What is required:
Every line of the records below from the line with "-9.7372024989), (-14.9372441283, -1.3706705849))" up to and including the line with "0.3046475231), (-19.0900610331, 2.4352350245))" must be reproduced exactly, and no line outside that range.

Provided data:
------------------------------------------------------------------------

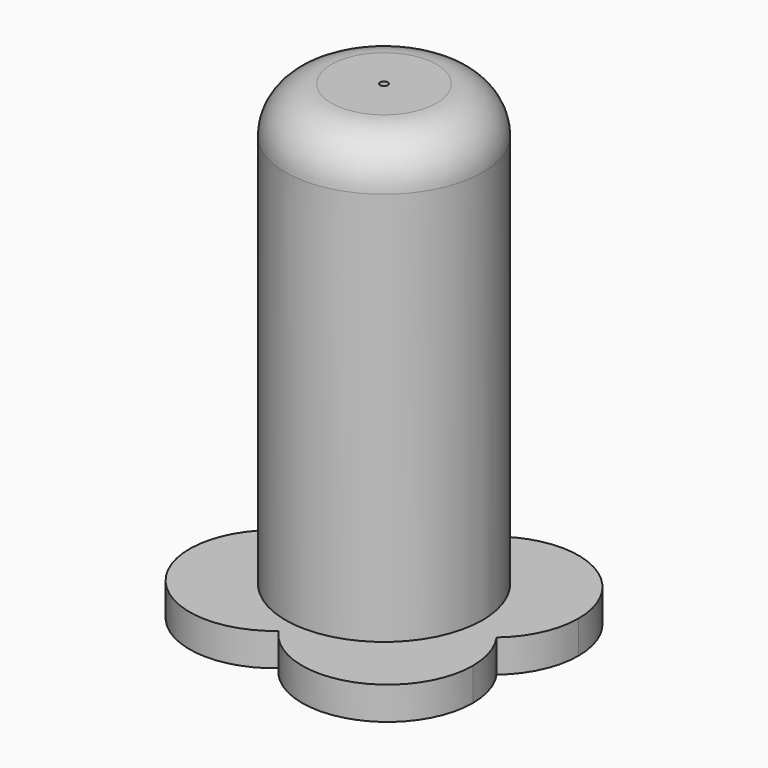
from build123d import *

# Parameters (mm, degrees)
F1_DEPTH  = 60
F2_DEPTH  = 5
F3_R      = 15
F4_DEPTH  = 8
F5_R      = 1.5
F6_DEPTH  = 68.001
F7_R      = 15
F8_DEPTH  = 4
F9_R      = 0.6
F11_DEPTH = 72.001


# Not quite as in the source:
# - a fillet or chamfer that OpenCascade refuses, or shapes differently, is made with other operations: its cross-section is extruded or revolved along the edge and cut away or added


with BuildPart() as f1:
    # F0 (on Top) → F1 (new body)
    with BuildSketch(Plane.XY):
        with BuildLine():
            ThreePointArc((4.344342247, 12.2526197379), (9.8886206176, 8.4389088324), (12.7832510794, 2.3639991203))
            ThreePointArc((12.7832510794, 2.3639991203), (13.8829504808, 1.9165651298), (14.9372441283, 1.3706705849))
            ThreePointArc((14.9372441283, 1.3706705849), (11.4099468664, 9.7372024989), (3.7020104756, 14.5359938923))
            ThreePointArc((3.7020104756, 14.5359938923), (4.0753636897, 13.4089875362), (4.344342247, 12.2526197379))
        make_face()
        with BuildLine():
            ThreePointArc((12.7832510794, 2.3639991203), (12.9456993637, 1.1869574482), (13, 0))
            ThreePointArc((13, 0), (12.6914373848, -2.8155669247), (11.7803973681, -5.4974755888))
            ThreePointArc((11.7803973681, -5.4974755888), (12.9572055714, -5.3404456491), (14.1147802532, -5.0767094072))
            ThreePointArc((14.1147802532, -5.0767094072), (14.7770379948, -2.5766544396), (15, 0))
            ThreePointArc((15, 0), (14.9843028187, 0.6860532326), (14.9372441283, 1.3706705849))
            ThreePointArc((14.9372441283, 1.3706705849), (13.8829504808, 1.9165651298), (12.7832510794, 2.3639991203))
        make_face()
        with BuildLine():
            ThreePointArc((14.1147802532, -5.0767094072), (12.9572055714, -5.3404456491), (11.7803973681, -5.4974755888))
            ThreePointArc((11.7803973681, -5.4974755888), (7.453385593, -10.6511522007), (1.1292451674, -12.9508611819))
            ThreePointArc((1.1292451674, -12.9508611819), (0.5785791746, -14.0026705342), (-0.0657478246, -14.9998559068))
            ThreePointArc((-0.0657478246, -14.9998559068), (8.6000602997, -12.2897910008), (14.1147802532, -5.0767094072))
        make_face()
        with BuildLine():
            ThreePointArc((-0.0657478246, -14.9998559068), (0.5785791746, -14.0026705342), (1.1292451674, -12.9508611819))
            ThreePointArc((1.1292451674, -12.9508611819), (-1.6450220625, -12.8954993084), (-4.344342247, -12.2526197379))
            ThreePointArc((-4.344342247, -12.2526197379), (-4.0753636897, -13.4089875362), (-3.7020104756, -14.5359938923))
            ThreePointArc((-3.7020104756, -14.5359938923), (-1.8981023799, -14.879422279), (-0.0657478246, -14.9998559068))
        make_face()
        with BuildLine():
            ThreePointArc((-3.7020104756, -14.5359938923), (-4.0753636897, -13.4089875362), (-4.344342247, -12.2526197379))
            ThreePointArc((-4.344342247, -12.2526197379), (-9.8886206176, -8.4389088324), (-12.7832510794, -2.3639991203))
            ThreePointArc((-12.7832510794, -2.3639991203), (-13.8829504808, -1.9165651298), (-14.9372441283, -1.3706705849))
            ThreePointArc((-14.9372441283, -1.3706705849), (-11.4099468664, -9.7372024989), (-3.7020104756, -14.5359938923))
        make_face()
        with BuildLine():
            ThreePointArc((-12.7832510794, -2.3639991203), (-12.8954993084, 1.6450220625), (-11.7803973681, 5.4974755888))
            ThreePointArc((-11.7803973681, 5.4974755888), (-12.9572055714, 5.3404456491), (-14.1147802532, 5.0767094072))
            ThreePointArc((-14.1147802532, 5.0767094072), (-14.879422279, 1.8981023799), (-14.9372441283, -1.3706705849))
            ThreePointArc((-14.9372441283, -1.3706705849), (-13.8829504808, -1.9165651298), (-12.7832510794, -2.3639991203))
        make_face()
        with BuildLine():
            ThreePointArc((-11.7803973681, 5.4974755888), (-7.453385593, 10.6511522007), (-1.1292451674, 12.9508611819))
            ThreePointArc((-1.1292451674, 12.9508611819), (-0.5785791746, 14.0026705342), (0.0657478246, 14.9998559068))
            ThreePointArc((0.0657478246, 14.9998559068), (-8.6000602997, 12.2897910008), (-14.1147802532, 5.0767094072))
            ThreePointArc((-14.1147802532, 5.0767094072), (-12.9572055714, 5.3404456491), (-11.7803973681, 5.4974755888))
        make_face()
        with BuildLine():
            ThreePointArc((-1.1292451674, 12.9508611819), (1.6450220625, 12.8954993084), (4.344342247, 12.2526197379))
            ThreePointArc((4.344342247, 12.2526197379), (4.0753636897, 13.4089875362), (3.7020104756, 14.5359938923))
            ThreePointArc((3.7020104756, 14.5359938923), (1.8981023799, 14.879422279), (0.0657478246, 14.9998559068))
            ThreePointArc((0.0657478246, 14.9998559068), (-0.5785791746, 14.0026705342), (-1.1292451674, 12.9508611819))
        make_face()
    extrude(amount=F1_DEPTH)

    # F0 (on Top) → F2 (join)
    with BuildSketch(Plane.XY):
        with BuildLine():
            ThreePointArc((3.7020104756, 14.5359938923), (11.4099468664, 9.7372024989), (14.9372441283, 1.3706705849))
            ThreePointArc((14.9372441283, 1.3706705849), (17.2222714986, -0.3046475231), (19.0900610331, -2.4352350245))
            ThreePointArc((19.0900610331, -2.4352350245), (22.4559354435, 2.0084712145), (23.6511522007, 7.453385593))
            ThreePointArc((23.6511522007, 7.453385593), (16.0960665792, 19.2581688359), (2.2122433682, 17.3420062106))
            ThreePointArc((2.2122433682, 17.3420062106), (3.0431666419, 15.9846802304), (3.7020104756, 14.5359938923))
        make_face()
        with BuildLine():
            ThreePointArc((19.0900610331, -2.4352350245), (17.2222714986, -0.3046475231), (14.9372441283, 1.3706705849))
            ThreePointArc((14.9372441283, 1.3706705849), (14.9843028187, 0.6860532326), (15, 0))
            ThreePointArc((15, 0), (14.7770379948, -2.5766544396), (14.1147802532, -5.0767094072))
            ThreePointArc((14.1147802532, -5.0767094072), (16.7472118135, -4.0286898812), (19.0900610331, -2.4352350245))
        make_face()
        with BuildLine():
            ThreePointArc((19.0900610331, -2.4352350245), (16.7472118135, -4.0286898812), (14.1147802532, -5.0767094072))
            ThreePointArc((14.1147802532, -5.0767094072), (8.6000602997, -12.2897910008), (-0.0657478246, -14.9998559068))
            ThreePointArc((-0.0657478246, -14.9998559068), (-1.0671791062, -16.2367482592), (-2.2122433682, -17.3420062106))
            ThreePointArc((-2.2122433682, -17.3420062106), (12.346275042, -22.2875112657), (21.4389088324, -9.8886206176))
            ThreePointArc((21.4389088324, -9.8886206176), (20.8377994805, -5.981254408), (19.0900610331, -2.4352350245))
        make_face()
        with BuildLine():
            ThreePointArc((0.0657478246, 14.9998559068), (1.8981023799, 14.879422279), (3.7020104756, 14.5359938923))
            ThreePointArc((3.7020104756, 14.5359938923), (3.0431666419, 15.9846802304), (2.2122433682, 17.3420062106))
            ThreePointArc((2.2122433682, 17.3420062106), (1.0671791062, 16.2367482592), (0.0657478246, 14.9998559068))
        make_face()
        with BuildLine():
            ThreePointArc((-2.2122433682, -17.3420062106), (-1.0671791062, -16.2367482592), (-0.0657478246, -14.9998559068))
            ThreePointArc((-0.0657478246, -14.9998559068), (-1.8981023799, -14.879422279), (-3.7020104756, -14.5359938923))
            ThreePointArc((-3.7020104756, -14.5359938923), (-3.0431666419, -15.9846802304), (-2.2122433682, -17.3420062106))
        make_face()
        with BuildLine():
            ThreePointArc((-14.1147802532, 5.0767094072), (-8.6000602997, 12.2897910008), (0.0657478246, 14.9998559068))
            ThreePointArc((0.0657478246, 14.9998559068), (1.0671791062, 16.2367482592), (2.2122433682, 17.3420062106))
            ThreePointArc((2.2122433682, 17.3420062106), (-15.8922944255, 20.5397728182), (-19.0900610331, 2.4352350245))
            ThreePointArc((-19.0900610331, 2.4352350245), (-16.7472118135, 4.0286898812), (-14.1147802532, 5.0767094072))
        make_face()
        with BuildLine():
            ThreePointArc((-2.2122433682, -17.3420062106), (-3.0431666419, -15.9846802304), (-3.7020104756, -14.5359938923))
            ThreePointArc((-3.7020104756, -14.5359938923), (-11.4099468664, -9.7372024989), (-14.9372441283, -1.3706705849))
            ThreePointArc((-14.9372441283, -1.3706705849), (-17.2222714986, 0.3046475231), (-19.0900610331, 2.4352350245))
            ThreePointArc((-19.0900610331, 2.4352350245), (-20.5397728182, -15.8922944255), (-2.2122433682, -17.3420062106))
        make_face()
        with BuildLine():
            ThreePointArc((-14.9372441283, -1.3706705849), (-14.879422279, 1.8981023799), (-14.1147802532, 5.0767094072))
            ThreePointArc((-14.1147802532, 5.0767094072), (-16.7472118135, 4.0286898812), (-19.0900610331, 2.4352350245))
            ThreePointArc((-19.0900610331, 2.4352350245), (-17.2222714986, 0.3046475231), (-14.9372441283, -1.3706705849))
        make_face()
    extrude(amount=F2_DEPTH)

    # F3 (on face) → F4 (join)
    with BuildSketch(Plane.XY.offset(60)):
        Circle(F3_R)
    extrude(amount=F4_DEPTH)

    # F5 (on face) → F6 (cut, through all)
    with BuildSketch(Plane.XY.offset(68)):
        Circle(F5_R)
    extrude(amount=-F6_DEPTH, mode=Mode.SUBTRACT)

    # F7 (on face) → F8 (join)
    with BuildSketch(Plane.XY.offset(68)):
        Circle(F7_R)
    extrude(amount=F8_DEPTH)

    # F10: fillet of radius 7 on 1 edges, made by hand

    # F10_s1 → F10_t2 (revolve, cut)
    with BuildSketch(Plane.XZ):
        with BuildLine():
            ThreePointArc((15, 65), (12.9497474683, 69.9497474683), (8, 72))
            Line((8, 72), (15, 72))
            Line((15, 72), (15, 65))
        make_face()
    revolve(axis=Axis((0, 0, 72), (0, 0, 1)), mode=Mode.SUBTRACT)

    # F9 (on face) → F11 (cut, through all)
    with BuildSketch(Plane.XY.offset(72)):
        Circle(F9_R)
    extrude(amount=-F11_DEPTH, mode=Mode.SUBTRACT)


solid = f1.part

------------------------------------------------------------------------

Solution for this exercise:
            ThreePointArc((-3.7020104756, -14.5359938923), (-11.4099468664, -9.7372024989), (-14.9372441283, -1.3706705849))
            ThreePointArc((-14.9372441283, -1.3706705849), (-17.2222714986, 0.3046475231), (-19.0900610331, 2.4352350245))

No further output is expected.